Lycéennes de Chibok: Abuja reconnaît un échec des négociations avec Boko Haram

Le Nigeria reconnaît des pourparlers avec Boko Haram pour obtenir la libération des lycéennes de Chibok, aux mains du groupe jihadiste. Abuja le reconnaît pour la première fois. Le ministre de l'Information du Nigeria a dévoilé, vendredi 16 septembre, les grandes lignes de ces négociations menées par les services secrets nigérians pour tenter de rendre à leurs familles les 218 lycéennes toujours retenues par le groupe islamiste qui a fait allégeance à l'organisation Etat islamique.

Les premiers pourparlers « ont eu lieu le 17 juillet 2015 », raconte le ministre de l'Information, soit deux mois après l'élection de Muhammadu Buhari et plus d'un an après l'enlèvement des jeunes filles.

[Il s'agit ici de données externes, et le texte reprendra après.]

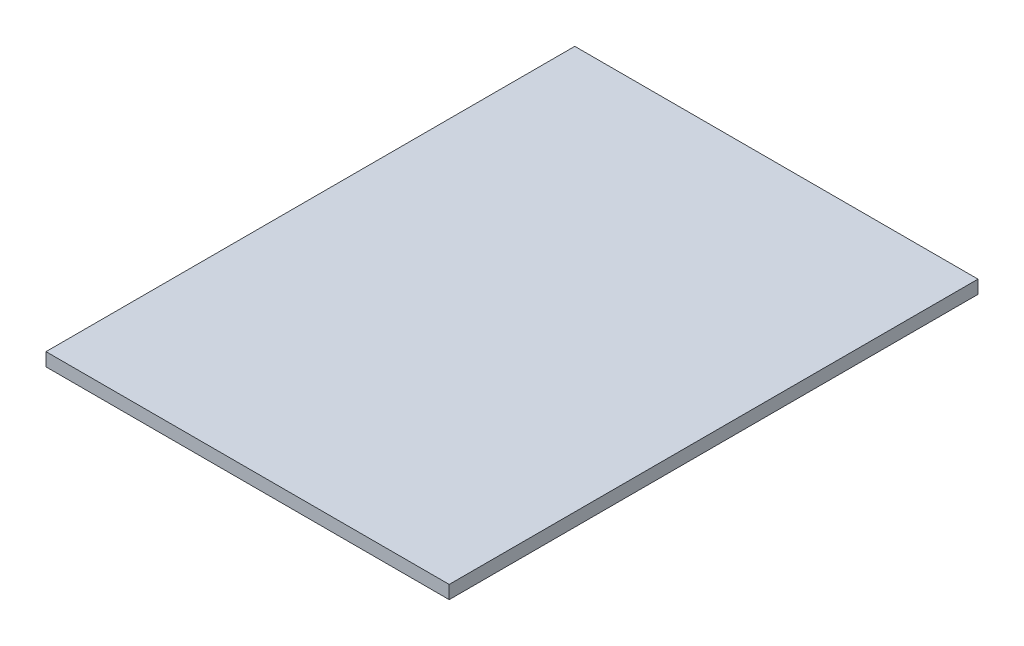
ISO-10303-21;
HEADER;
FILE_DESCRIPTION(('STEP AP214'),'2;1');
FILE_NAME('part.step','',(''),(''),'','','');
FILE_SCHEMA(('AUTOMOTIVE_DESIGN { 1 0 10303 214 1 1 1 1 }'));
ENDSEC;
DATA;
#1=APPLICATION_CONTEXT('core data for automotive mechanical design processes');
#2=APPLICATION_PROTOCOL_DEFINITION('international standard','automotive_design',2000,#1);
#3=PRODUCT_CONTEXT('',#1,'mechanical');
#4=PRODUCT('Part','Part','',(#3));
#5=PRODUCT_RELATED_PRODUCT_CATEGORY('part','',(#4));
#6=PRODUCT_DEFINITION_FORMATION('','',#4);
#7=PRODUCT_DEFINITION_CONTEXT('part definition',#1,'design');
#8=PRODUCT_DEFINITION('design','',#6,#7);
#9=PRODUCT_DEFINITION_SHAPE('','',#8);
#10=(LENGTH_UNIT() NAMED_UNIT(*) SI_UNIT(.MILLI.,.METRE.));
#11=(NAMED_UNIT(*) PLANE_ANGLE_UNIT() SI_UNIT($,.RADIAN.));
#12=(NAMED_UNIT(*) SI_UNIT($,.STERADIAN.) SOLID_ANGLE_UNIT());
#13=UNCERTAINTY_MEASURE_WITH_UNIT(LENGTH_MEASURE(1.E-05),#10,'distance_accuracy_value','');
#14=(GEOMETRIC_REPRESENTATION_CONTEXT(3) GLOBAL_UNCERTAINTY_ASSIGNED_CONTEXT((#13)) GLOBAL_UNIT_ASSIGNED_CONTEXT((#10,
#11,#12)) REPRESENTATION_CONTEXT('',''));
#15=CARTESIAN_POINT('',(0.,0.,0.));
#16=DIRECTION('',(0.,0.,1.));
#17=DIRECTION('',(1.,0.,0.));
#18=AXIS2_PLACEMENT_3D('',#15,#16,#17);
#19=CARTESIAN_POINT('',(30.5,2.,-40.));
#20=DIRECTION('',(-1.,0.,0.));
#21=DIRECTION('',(0.,0.,1.));
#22=AXIS2_PLACEMENT_3D('',#19,#20,#21);
#23=PLANE('',#22);
#24=DIRECTION('',(0.,0.,-1.));
#25=VECTOR('',#24,1.);
#26=CARTESIAN_POINT('',(30.5,0.,-40.));
#27=LINE('',#26,#25);
#28=CARTESIAN_POINT('',(30.5,0.,40.));
#29=VERTEX_POINT('',#28);
#30=CARTESIAN_POINT('',(30.5,0.,-40.));
#31=VERTEX_POINT('',#30);
#32=EDGE_CURVE('E96',#29,#31,#27,.T.);
#33=ORIENTED_EDGE('',*,*,#32,.T.);
#34=DIRECTION('',(0.,-1.,0.));
#35=VECTOR('',#34,1.);
#36=CARTESIAN_POINT('',(30.5,2.,-40.));
#37=LINE('',#36,#35);
#38=CARTESIAN_POINT('',(30.5,2.,-40.));
#39=VERTEX_POINT('',#38);
#40=EDGE_CURVE('E11',#39,#31,#37,.T.);
#41=ORIENTED_EDGE('',*,*,#40,.F.);
#42=DIRECTION('',(0.,0.,-1.));
#43=VECTOR('',#42,1.);
#44=CARTESIAN_POINT('',(30.5,2.,-40.));
#45=LINE('',#44,#43);
#46=CARTESIAN_POINT('',(30.5,2.,40.));
#47=VERTEX_POINT('',#46);
#48=EDGE_CURVE('E84',#47,#39,#45,.T.);
#49=ORIENTED_EDGE('',*,*,#48,.F.);
#50=DIRECTION('',(0.,-1.,0.));
#51=VECTOR('',#50,1.);
#52=CARTESIAN_POINT('',(30.5,2.,40.));
#53=LINE('',#52,#51);
#54=EDGE_CURVE('E92',#47,#29,#53,.T.);
#55=ORIENTED_EDGE('',*,*,#54,.T.);
#56=EDGE_LOOP('',(#33,#41,#49,#55));
#57=FACE_BOUND('',#56,.T.);
#58=ADVANCED_FACE('F33',(#57),#23,.F.);
#59=CARTESIAN_POINT('',(-30.5,2.,-40.));
#60=DIRECTION('',(0.,0.,1.));
#61=DIRECTION('',(1.,0.,0.));
#62=AXIS2_PLACEMENT_3D('',#59,#60,#61);
#63=PLANE('',#62);
#64=DIRECTION('',(-1.,0.,0.));
#65=VECTOR('',#64,1.);
#66=CARTESIAN_POINT('',(-30.5,0.,-40.));
#67=LINE('',#66,#65);
#68=CARTESIAN_POINT('',(-30.5,0.,-40.));
#69=VERTEX_POINT('',#68);
#70=EDGE_CURVE('E88',#31,#69,#67,.T.);
#71=ORIENTED_EDGE('',*,*,#70,.T.);
#72=DIRECTION('',(0.,-1.,0.));
#73=VECTOR('',#72,1.);
#74=CARTESIAN_POINT('',(-30.5,2.,-40.));
#75=LINE('',#74,#73);
#76=CARTESIAN_POINT('',(-30.5,2.,-40.));
#77=VERTEX_POINT('',#76);
#78=EDGE_CURVE('E41',#77,#69,#75,.T.);
#79=ORIENTED_EDGE('',*,*,#78,.F.);
#80=DIRECTION('',(-1.,0.,0.));
#81=VECTOR('',#80,1.);
#82=CARTESIAN_POINT('',(-30.5,2.,-40.));
#83=LINE('',#82,#81);
#84=EDGE_CURVE('E79',#39,#77,#83,.T.);
#85=ORIENTED_EDGE('',*,*,#84,.F.);
#86=ORIENTED_EDGE('',*,*,#40,.T.);
#87=EDGE_LOOP('',(#71,#79,#85,#86));
#88=FACE_BOUND('',#87,.T.);
#89=ADVANCED_FACE('F87',(#88),#63,.F.);
#90=CARTESIAN_POINT('',(-30.5,2.,-40.));
#91=DIRECTION('',(1.,0.,0.));
#92=DIRECTION('',(0.,0.,-1.));
#93=AXIS2_PLACEMENT_3D('',#90,#91,#92);
#94=PLANE('',#93);
#95=DIRECTION('',(0.,0.,1.));
#96=VECTOR('',#95,1.);
#97=CARTESIAN_POINT('',(-30.5,0.,-40.));
#98=LINE('',#97,#96);
#99=CARTESIAN_POINT('',(-30.5,0.,40.));
#100=VERTEX_POINT('',#99);
#101=EDGE_CURVE('E66',#69,#100,#98,.T.);
#102=ORIENTED_EDGE('',*,*,#101,.T.);
#103=DIRECTION('',(0.,-1.,0.));
#104=VECTOR('',#103,1.);
#105=CARTESIAN_POINT('',(-30.5,2.,40.));
#106=LINE('',#105,#104);
#107=CARTESIAN_POINT('',(-30.5,2.,40.));
#108=VERTEX_POINT('',#107);
#109=EDGE_CURVE('E89',#108,#100,#106,.T.);
#110=ORIENTED_EDGE('',*,*,#109,.F.);
#111=DIRECTION('',(0.,0.,1.));
#112=VECTOR('',#111,1.);
#113=CARTESIAN_POINT('',(-30.5,2.,-40.));
#114=LINE('',#113,#112);
#115=EDGE_CURVE('E82',#77,#108,#114,.T.);
#116=ORIENTED_EDGE('',*,*,#115,.F.);
#117=ORIENTED_EDGE('',*,*,#78,.T.);
#118=EDGE_LOOP('',(#102,#110,#116,#117));
#119=FACE_BOUND('',#118,.T.);
#120=ADVANCED_FACE('F90',(#119),#94,.F.);
#121=CARTESIAN_POINT('',(-30.5,2.,40.));
#122=DIRECTION('',(0.,0.,-1.));
#123=DIRECTION('',(-1.,0.,0.));
#124=AXIS2_PLACEMENT_3D('',#121,#122,#123);
#125=PLANE('',#124);
#126=DIRECTION('',(1.,0.,0.));
#127=VECTOR('',#126,1.);
#128=CARTESIAN_POINT('',(-30.5,0.,40.));
#129=LINE('',#128,#127);
#130=EDGE_CURVE('E72',#100,#29,#129,.T.);
#131=ORIENTED_EDGE('',*,*,#130,.T.);
#132=ORIENTED_EDGE('',*,*,#54,.F.);
#133=DIRECTION('',(1.,0.,0.));
#134=VECTOR('',#133,1.);
#135=CARTESIAN_POINT('',(-30.5,2.,40.));
#136=LINE('',#135,#134);
#137=EDGE_CURVE('E49',#108,#47,#136,.T.);
#138=ORIENTED_EDGE('',*,*,#137,.F.);
#139=ORIENTED_EDGE('',*,*,#109,.T.);
#140=EDGE_LOOP('',(#131,#132,#138,#139));
#141=FACE_BOUND('',#140,.T.);
#142=ADVANCED_FACE('F103',(#141),#125,.F.);
#143=CARTESIAN_POINT('',(0.,2.,0.));
#144=DIRECTION('',(0.,1.,0.));
#145=DIRECTION('',(0.,0.,1.));
#146=AXIS2_PLACEMENT_3D('',#143,#144,#145);
#147=PLANE('',#146);
#148=ORIENTED_EDGE('',*,*,#48,.T.);
#149=ORIENTED_EDGE('',*,*,#84,.T.);
#150=ORIENTED_EDGE('',*,*,#115,.T.);
#151=ORIENTED_EDGE('',*,*,#137,.T.);
#152=EDGE_LOOP('',(#148,#149,#150,#151));
#153=FACE_BOUND('',#152,.T.);
#154=ADVANCED_FACE('F80',(#153),#147,.T.);
#155=CARTESIAN_POINT('',(0.,0.,0.));
#156=DIRECTION('',(0.,1.,0.));
#157=DIRECTION('',(0.,0.,1.));
#158=AXIS2_PLACEMENT_3D('',#155,#156,#157);
#159=PLANE('',#158);
#160=ORIENTED_EDGE('',*,*,#32,.F.);
#161=ORIENTED_EDGE('',*,*,#130,.F.);
#162=ORIENTED_EDGE('',*,*,#101,.F.);
#163=ORIENTED_EDGE('',*,*,#70,.F.);
#164=EDGE_LOOP('',(#160,#161,#162,#163));
#165=FACE_BOUND('',#164,.T.);
#166=ADVANCED_FACE('F106',(#165),#159,.F.);
#167=CLOSED_SHELL('',(#58,#89,#120,#142,#154,#166));
#168=MANIFOLD_SOLID_BREP('B2',#167);
#169=ADVANCED_BREP_SHAPE_REPRESENTATION('',(#18,#168),#14);
#170=SHAPE_DEFINITION_REPRESENTATION(#9,#169);
ENDSEC;
END-ISO-10303-21;

Ce jour-là, en échange des lycéennes, Boko Haram réclame la libération de plusieurs de ses prisonniers - et pas des moindres - certains ayant été condamnés pour avoir commandité des attentats meurtriers. Un échange « difficile à accepter », reconnaît le ministre de l'Information, mais à l'époque, explique-t-il, le président Buhari donne son accord, car à ses yeux la libération des jeunes filles dont il a fait une promesse de campagne est « sacro-sainte ».
Un mois plus tard, tout semble prêt pour procéder à l'échange, mais au dernier moment, l'opération est annulée. On ignore pour quelles raisons. Depuis, deux autres sessions de négociations ont été organisées, fin 2015 puis début 2016, selon Abuja. Mais là non plus, elles n’ont pas abouti.
Le Nigeria promet de poursuivre ses efforts, mais reconnaît que les divisions grandissantes au sein du groupe islamiste ont sérieusement compliqué la tâche des services de renseignements.
Parmi les 276 lycéennes enlevées en avril 2014, 57 avaient réussi à s'échapper juste après le rapt, et seulement l'une d'entre elles a été retrouvée par l'armée. C'était en mai dernier.
Réaction du collectif Bring Back Our Girls
Depuis neuf mois, le collectif Bring Back Our Girls réclame davantage de transparence de la part du gouvernement nigérian. Alors même s’il n'y a aucune annonce significative, Aisha Yesufu, la porte-parole du mouvement de soutien aux lycéennes de Chibok se déclare satisfaite.
« C'est très bien de pouvoir savoir les efforts faits par le gouvernement pour ramener vivantes nos filles. Parce que sincèrement nous espérons que ce soit le signe d'une nouvelle période, avec des comptes rendus réguliers auprès des parents des jeunes filles, auprès de notre mouvement aussi en direction du grand public. Mais en attendant, nous allons poursuivre notre veille active autour des progrès. »
Ces dernières semaines, les relations étaient glaciales entre le collectif et les autorités. Avec comme point d'orgue, un moment de forte tension lors d'une marche en direction du palais présidentiel stoppée nette par la police.
« Le mouvement n'était pas content du silence du gouvernement. En particulier sur la vidéo mise en ligne où l'on voit une des jeunes filles debout, prenant la parole et plaidant pour leur sauvetage. Vraiment, le silence du gouvernement est inacceptable. Et nous continuerons à faire pression pour que le gouvernement agisse dans le bon sens. A l'issue de ce jour, nos 218 jeunes filles de Chibok, qui sont toujours en attente d'être libérées, doivent être ramenées chez elles. Ce sont des citoyennes nigérianes. Elles n'ont pas à supplier pour être sauvées. Il en a va de leur droit élémentaire. »
Et aujourd'hui cela fait 888 jours de détention pour les lycéennes de Chibok.